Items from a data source
···

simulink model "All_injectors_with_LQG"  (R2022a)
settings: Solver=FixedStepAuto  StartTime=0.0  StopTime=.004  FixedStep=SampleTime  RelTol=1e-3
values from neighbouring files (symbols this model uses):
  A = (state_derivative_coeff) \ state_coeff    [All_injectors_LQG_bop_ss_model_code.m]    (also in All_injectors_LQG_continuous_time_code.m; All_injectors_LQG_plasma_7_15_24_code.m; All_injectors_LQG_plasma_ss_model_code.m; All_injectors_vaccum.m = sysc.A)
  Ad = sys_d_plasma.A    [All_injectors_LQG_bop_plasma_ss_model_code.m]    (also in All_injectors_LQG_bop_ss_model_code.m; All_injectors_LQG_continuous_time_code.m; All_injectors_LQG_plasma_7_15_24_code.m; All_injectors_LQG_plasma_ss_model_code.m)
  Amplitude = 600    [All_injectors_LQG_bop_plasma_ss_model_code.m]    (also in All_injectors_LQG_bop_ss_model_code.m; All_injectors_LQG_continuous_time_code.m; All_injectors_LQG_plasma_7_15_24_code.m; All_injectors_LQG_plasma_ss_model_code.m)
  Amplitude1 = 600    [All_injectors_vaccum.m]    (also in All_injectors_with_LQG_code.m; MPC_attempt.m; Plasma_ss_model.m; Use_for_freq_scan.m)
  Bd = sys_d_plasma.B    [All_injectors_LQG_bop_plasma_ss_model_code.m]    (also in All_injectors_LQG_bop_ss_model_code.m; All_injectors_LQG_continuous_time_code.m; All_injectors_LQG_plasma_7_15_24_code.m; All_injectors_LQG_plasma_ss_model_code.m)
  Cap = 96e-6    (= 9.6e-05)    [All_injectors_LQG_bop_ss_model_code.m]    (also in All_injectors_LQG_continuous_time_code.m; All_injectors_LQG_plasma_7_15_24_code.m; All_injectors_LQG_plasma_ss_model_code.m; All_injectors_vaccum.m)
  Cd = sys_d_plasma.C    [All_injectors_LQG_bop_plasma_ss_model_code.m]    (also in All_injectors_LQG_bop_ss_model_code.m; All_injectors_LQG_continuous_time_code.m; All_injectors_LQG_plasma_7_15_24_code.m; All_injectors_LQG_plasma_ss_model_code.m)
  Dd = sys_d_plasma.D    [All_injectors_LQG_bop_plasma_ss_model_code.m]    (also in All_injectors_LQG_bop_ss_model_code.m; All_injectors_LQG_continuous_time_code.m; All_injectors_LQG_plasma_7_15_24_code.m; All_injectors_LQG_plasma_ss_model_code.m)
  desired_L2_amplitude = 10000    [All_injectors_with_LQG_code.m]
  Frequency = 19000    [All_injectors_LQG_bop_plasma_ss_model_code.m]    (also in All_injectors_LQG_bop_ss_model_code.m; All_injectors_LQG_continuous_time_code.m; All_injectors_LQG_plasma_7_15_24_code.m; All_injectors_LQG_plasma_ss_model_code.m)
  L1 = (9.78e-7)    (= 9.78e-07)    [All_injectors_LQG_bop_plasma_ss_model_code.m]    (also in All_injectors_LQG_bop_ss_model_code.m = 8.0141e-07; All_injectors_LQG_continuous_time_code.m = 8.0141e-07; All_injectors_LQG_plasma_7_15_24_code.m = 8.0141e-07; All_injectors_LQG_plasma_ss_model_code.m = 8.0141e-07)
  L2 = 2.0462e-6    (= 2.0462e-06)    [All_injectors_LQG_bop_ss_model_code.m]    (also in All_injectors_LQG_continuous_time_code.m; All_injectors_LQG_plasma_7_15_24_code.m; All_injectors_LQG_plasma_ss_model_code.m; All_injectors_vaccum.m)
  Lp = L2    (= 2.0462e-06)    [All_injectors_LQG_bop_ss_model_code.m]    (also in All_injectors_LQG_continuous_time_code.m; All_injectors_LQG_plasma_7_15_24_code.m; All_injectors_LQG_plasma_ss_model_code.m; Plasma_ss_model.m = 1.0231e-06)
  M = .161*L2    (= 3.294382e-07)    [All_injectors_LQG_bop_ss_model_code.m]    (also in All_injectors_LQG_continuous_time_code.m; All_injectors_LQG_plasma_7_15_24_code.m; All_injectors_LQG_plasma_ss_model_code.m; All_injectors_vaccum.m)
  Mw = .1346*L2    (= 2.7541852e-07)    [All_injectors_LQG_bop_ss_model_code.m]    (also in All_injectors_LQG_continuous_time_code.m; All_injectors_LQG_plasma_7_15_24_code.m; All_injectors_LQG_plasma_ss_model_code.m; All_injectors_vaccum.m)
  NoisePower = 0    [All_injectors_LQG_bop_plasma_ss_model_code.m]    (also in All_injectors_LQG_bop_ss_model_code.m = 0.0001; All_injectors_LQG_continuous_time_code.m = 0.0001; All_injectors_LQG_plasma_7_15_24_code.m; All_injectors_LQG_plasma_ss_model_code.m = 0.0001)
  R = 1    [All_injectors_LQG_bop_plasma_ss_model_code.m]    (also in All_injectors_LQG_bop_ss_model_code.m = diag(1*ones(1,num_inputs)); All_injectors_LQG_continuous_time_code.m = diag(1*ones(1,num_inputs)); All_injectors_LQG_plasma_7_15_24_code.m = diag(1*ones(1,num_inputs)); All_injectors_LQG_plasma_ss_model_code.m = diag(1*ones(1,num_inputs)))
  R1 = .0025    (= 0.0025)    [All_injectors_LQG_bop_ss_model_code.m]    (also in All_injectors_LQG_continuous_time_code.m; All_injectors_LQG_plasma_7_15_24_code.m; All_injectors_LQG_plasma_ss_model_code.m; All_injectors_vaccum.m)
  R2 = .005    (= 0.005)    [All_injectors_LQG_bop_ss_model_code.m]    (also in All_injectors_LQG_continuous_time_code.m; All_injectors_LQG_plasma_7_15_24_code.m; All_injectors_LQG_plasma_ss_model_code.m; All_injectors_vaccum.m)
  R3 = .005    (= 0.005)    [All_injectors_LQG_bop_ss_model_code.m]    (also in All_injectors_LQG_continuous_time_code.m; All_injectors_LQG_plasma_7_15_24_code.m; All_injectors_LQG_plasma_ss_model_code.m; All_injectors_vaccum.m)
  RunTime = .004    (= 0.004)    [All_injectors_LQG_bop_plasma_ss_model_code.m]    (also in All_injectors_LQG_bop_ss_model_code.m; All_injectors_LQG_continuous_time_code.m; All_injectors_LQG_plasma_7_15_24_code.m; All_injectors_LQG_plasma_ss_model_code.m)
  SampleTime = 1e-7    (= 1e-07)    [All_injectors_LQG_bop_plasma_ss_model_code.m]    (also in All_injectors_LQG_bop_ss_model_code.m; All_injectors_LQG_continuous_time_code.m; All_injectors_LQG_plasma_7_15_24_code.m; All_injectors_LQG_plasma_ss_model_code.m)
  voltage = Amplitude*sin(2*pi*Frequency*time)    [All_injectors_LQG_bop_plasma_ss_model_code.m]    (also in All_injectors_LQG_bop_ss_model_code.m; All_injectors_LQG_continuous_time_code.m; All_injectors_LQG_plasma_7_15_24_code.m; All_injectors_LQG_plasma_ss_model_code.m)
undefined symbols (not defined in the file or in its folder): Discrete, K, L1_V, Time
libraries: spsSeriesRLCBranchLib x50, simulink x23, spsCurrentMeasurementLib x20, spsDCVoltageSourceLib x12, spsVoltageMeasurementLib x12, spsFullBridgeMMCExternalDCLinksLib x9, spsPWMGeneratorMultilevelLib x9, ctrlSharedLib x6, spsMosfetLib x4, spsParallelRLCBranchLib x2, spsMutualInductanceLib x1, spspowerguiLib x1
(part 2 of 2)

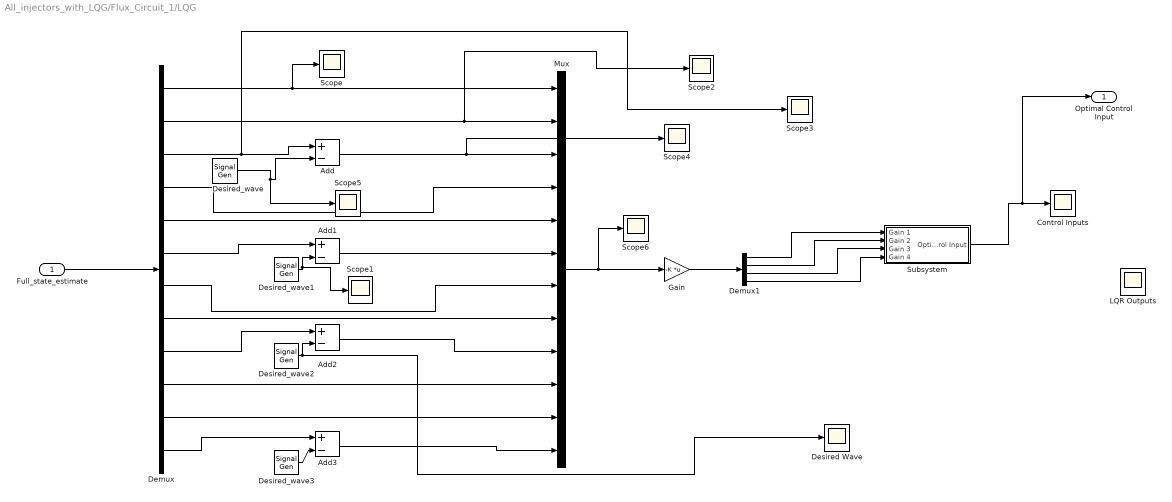
== system All_injectors_with_LQG/Flux_Circuit_1/LQG ==
  Full_state_estimate : Inport
  Add{,1..3} (4 alike) : Sum  Inputs=+-
  Control Inputs : Scope
  Demux : Demux  Outputs=size(A,1)
  Demux1 : Demux  Outputs=4.
  Desired Wave : Scope
  Desired_wave{,1..3} (4 alike) : SignalGenerator  Amplitude=desired_L2_amplitude  Frequency=Frequency
  Gain : Gain  Gain=-K  Multiplication=Matrix(K*u) (u vector)
  LQR Outputs : Scope
  Mux : Mux  Inputs=size(A,1)
  Scope{,1..6} (7 alike) : Scope
  Subsystem : Subsystem
  Optimal Control Input : Outport
  wires:
  Full_state_estimate/1 -> Demux/1
  Demux/1 -> Scope/1, Mux/1
  Demux/2 -> Scope2/1, Mux/2
  Demux/3 -> Scope3/1, Add/1
  Desired_wave/1 -> Scope5/1, Add/2
  Add/1 -> Scope4/1, Mux/3
  Demux/4 -> Mux/4
  Demux/5 -> Mux/5
  Demux/6 -> Add1/1
  Add1/1 -> Mux/6
  Desired_wave1/1 -> Scope1/1, Add1/2
  Demux/7 -> Mux/7
  Demux/8 -> Mux/8
  Desired_wave2/1 -> Add2/2, Desired Wave/1
  Demux/9 -> Add2/1
  Add2/1 -> Mux/9
  Demux/10 -> Mux/10
  Demux/11 -> Mux/11
  Desired_wave3/1 -> Add3/2
  Demux/12 -> Add3/1
  Add3/1 -> Mux/12
  Gain/1 -> Demux1/1
  Demux1/1 -> Subsystem/1(Gain 1)
  Demux1/2 -> Subsystem/2(Gain 2)
  Demux1/3 -> Subsystem/3(Gain 3)
  Demux1/4 -> Subsystem/4("Gain 4 ")
  Subsystem/1(Optimal Control Input) -> Optimal Control Input/1, Control Inputs/1
  Mux/1 -> Scope6/1, Gain/1

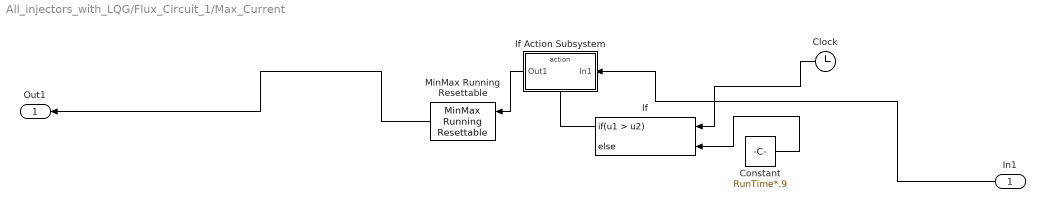
== system All_injectors_with_LQG/Flux_Circuit_1/Max_Current ==
  In1 : Inport
  Clock : Clock
  Constant : Constant  Value=RunTime*.9
  If : If  NumInputs=2  IfExpression=u1 > u2
  If Action Subsystem : Subsystem  TreatAsAtomicUnit=on
  MinMax Running Resettable : simulink/Math Operations/MinMax Running Resettable  Function=max  vinit=0.0
  Out1 : Outport
  wires:
  In1/1 -> If Action Subsystem/1(In1)
  If Action Subsystem/1(Out1) -> MinMax Running Resettable/1
  MinMax Running Resettable/1 -> Out1/1
  Constant/1 -> If/2
  Clock/1 -> If/1
  If/1 -> If Action Subsystem/Action

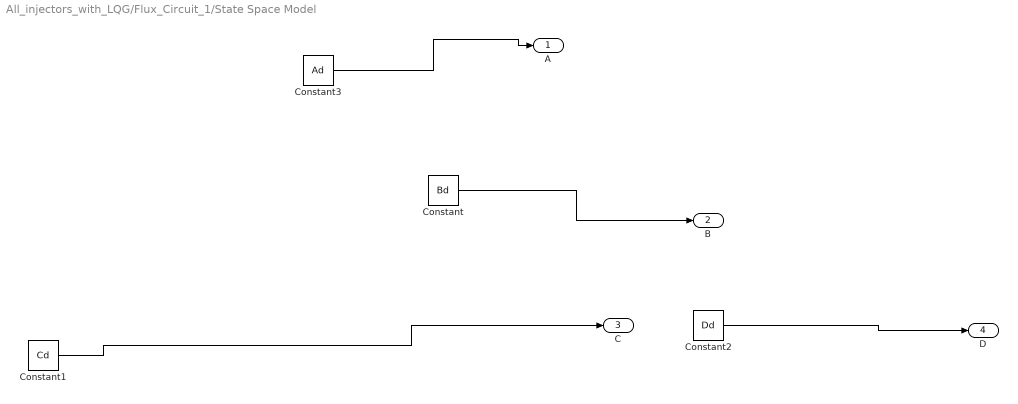
== system All_injectors_with_LQG/Flux_Circuit_1/State Space Model ==
  Constant : Constant  Value=Bd
  Constant1 : Constant  Value=Cd
  Constant2 : Constant  Value=Dd
  Constant3 : Constant  Value=Ad
  A : Outport
  B : Outport  Port=2
  C : Outport  Port=3
  D : Outport  Port=4
  wires:
  Constant3/1 -> A/1
  Constant2/1 -> D/1
  Constant/1 -> B/1
  Constant1/1 -> C/1

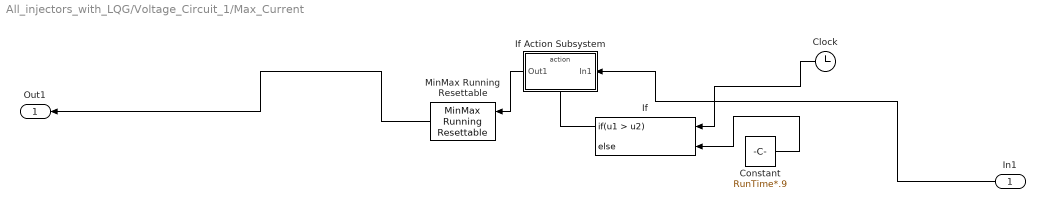
== system All_injectors_with_LQG/Voltage_Circuit_1/Max_Current ==
  In1 : Inport
  Clock : Clock
  Constant : Constant  Value=RunTime*.9
  If : If  NumInputs=2  IfExpression=u1 > u2
  If Action Subsystem : Subsystem  TreatAsAtomicUnit=on
  MinMax Running Resettable : simulink/Math Operations/MinMax Running Resettable  Function=max  vinit=0.0
  Out1 : Outport
  wires:
  In1/1 -> If Action Subsystem/1(In1)
  If Action Subsystem/1(Out1) -> MinMax Running Resettable/1
  MinMax Running Resettable/1 -> Out1/1
  Constant/1 -> If/2
  Clock/1 -> If/1
  If/1 -> If Action Subsystem/Action

== system All_injectors_with_LQG/Voltage_Circuit_2/Max_Current ==
  In1 : Inport
  Clock : Clock
  Constant : Constant  Value=RunTime*.9
  If : If  NumInputs=2  IfExpression=u1 > u2
  If Action Subsystem : Subsystem  TreatAsAtomicUnit=on
  MinMax Running Resettable : simulink/Math Operations/MinMax Running Resettable  Function=max  vinit=0.0
  Out1 : Outport
  wires:
  In1/1 -> If Action Subsystem/1(In1)
  If Action Subsystem/1(Out1) -> MinMax Running Resettable/1
  MinMax Running Resettable/1 -> Out1/1
  Constant/1 -> If/2
  Clock/1 -> If/1
  If/1 -> If Action Subsystem/Action

== system All_injectors_with_LQG/Voltage_Circuit_3/Max_Current ==
  In1 : Inport
  Clock : Clock
  Constant : Constant  Value=RunTime*.9
  If : If  NumInputs=2  IfExpression=u1 > u2
  If Action Subsystem : Subsystem  TreatAsAtomicUnit=on
  MinMax Running Resettable : simulink/Math Operations/MinMax Running Resettable  Function=max  vinit=0.0
  Out1 : Outport
  wires:
  In1/1 -> If Action Subsystem/1(In1)
  If Action Subsystem/1(Out1) -> MinMax Running Resettable/1
  MinMax Running Resettable/1 -> Out1/1
  Constant/1 -> If/2
  Clock/1 -> If/1
  If/1 -> If Action Subsystem/Action

== system All_injectors_with_LQG/Voltage_Circuit_4/Max_Current ==
  In1 : Inport
  Clock : Clock
  Constant : Constant  Value=RunTime*.9
  If : If  NumInputs=2  IfExpression=u1 > u2
  If Action Subsystem : Subsystem  TreatAsAtomicUnit=on
  MinMax Running Resettable : simulink/Math Operations/MinMax Running Resettable  Function=max  vinit=0.0
  Out1 : Outport
  wires:
  In1/1 -> If Action Subsystem/1(In1)
  If Action Subsystem/1(Out1) -> MinMax Running Resettable/1
  MinMax Running Resettable/1 -> Out1/1
  Constant/1 -> If/2
  Clock/1 -> If/1
  If/1 -> If Action Subsystem/Action

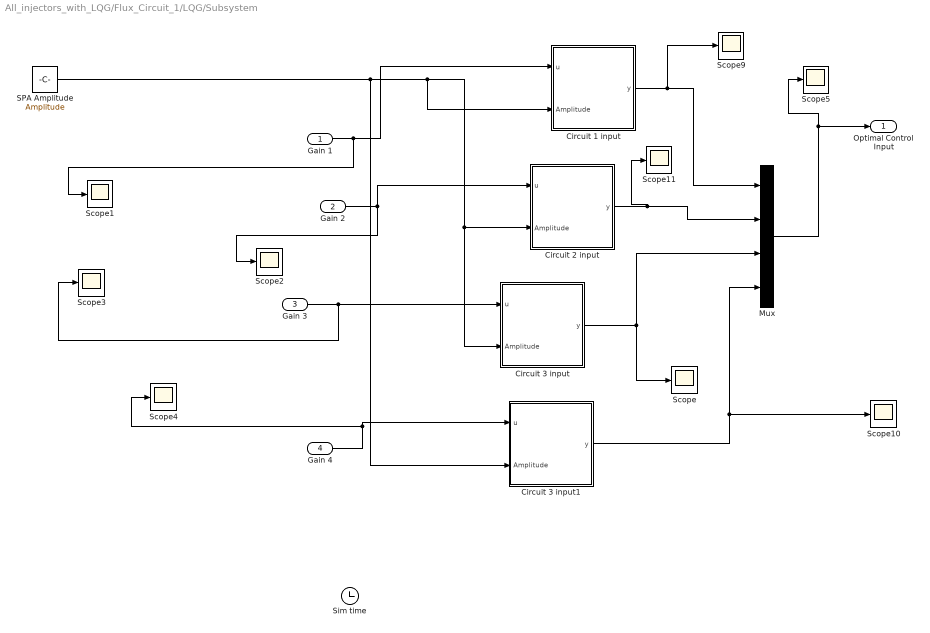
== system All_injectors_with_LQG/Flux_Circuit_1/LQG/Subsystem ==
  Gain 1 : Inport
  Gain 2 : Inport  Port=2
  Gain 3 : Inport  Port=3
  "Gain 4 " : Inport  Port=4
  Circuit 1 input : MATLAB Function  TreatAsAtomicUnit=on
  Circuit 2 input : MATLAB Function  TreatAsAtomicUnit=on
  Circuit 3 input : MATLAB Function  TreatAsAtomicUnit=on
  Circuit 3 input1 : MATLAB Function  TreatAsAtomicUnit=on
  Mux : Mux
  SPA Amplitude : Constant  Value=Amplitude
  Scope{,1..5,9..11} (9 alike) : Scope
  Sim time : Clock
      settings: Decimation=100000
  Optimal Control Input : Outport
  wires:
  Gain 2/1 -> Circuit 2 input/1(u), Scope2/1
  Circuit 3 input/1(y) -> Scope/1, Mux/3
  "Gain 4 "/1 -> Circuit 3 input1/1(u), Scope4/1
  Mux/1 -> Scope5/1, Optimal Control Input/1
  Gain 3/1 -> Scope3/1, Circuit 3 input/1(u)
  SPA Amplitude/1 -> Circuit 3 input1/2(Amplitude), Circuit 1 input/2(Amplitude), Circuit 3 input/2(Amplitude), Circuit 2 input/2(Amplitude)
  Gain 1/1 -> Scope1/1, Circuit 1 input/1(u)
  Circuit 1 input/1(y) -> Scope9/1, Mux/1
  Circuit 2 input/1(y) -> Scope11/1, Mux/2
  Circuit 3 input1/1(y) -> Scope10/1, Mux/4

== system All_injectors_with_LQG/Flux_Circuit_1/Max_Current/If Action Subsystem ==
  In1 : Inport
  Action Port : ActionPort  ActionPortLabel=if(u1 > u2)
  Out1 : Outport
  wires:
  In1/1 -> Out1/1

== system All_injectors_with_LQG/Voltage_Circuit_1/Max_Current/If Action Subsystem ==
  In1 : Inport
  Action Port : ActionPort  ActionPortLabel=if(u1 > u2)
  Out1 : Outport
  wires:
  In1/1 -> Out1/1

== system All_injectors_with_LQG/Voltage_Circuit_2/Max_Current/If Action Subsystem ==
  In1 : Inport
  Action Port : ActionPort  ActionPortLabel=if(u1 > u2)
  Out1 : Outport
  wires:
  In1/1 -> Out1/1

== system All_injectors_with_LQG/Voltage_Circuit_3/Max_Current/If Action Subsystem ==
  In1 : Inport
  Action Port : ActionPort  ActionPortLabel=if(u1 > u2)
  Out1 : Outport
  wires:
  In1/1 -> Out1/1

== system All_injectors_with_LQG/Voltage_Circuit_4/Max_Current/If Action Subsystem ==
  In1 : Inport
  Action Port : ActionPort  ActionPortLabel=if(u1 > u2)
  Out1 : Outport
  wires:
  In1/1 -> Out1/1

== matlab function All_injectors_with_LQG/Flux_Circuit_1/LQG/Subsystem/Circuit 2 input ==
  data: u input double size=[1,1]; y output double size=[1,1]; Amplitude input
function y = convert_to_square(u,Amplitude)

d1 = abs(Amplitude-u);
d2 = abs(u);
d3 = abs(-Amplitude-u);
if min([d1,d2,d3]) == d1
    y = Amplitude;
elseif min([d1,d2,d3]) == d2
    y = 0;
else 
    y = -Amplitude;
end
%y = u;

== matlab function All_injectors_with_LQG/Flux_Circuit_1/LQG/Subsystem/Circuit 3 input1 ==
  data: u input double size=[1,1]; y output double size=[1,1]; Amplitude input
function y = convert_to_square(u,Amplitude)

d1 = abs(Amplitude-u);
d2 = abs(u);
d3 = abs(-Amplitude-u);
if min([d1,d2,d3]) == d1
    y = Amplitude;
elseif min([d1,d2,d3]) == d2
    y = 0;
else 
    y = -Amplitude;
end
%y = u;

== matlab function All_injectors_with_LQG/Flux_Circuit_1/LQG/Subsystem/Circuit 3 input ==
  data: u input double size=[1,1]; y output double size=[1,1]; Amplitude input
function y = convert_to_square(u,Amplitude)

d1 = abs(Amplitude-u);
d2 = abs(u);
d3 = abs(-Amplitude-u);
if min([d1,d2,d3]) == d1
    y = Amplitude;
elseif min([d1,d2,d3]) == d2
    y = 0;
else 
    y = -Amplitude;
end
%y = u;

== matlab function All_injectors_with_LQG/Flux_Circuit_1/LQG/Subsystem/Circuit 1 input ==
  data: u input double size=[1,1]; y output double size=[1,1]; Amplitude input
function y = convert_to_square(u,Amplitude)

d1 = abs(Amplitude-u);
d2 = abs(u);
d3 = abs(-Amplitude-u);
if min([d1,d2,d3]) == d1
    y = Amplitude;
elseif min([d1,d2,d3]) == d2
    y = 0;
else 
    y = -Amplitude;
end
%y = u;

···

What to work on — Working from the data above, extract solely the lines from the one containing "Full_state_estimate/1 -> Demux/1" through the one containing "Demux/7 -> Mux/7", exactly as they appear, both included.

Answer area —
  Full_state_estimate/1 -> Demux/1
  Demux/1 -> Scope/1, Mux/1
  Demux/2 -> Scope2/1, Mux/2
  Demux/3 -> Scope3/1, Add/1
  Desired_wave/1 -> Scope5/1, Add/2
  Add/1 -> Scope4/1, Mux/3
  Demux/4 -> Mux/4
  Demux/5 -> Mux/5
  Demux/6 -> Add1/1
  Add1/1 -> Mux/6
  Desired_wave1/1 -> Scope1/1, Add1/2
  Demux/7 -> Mux/7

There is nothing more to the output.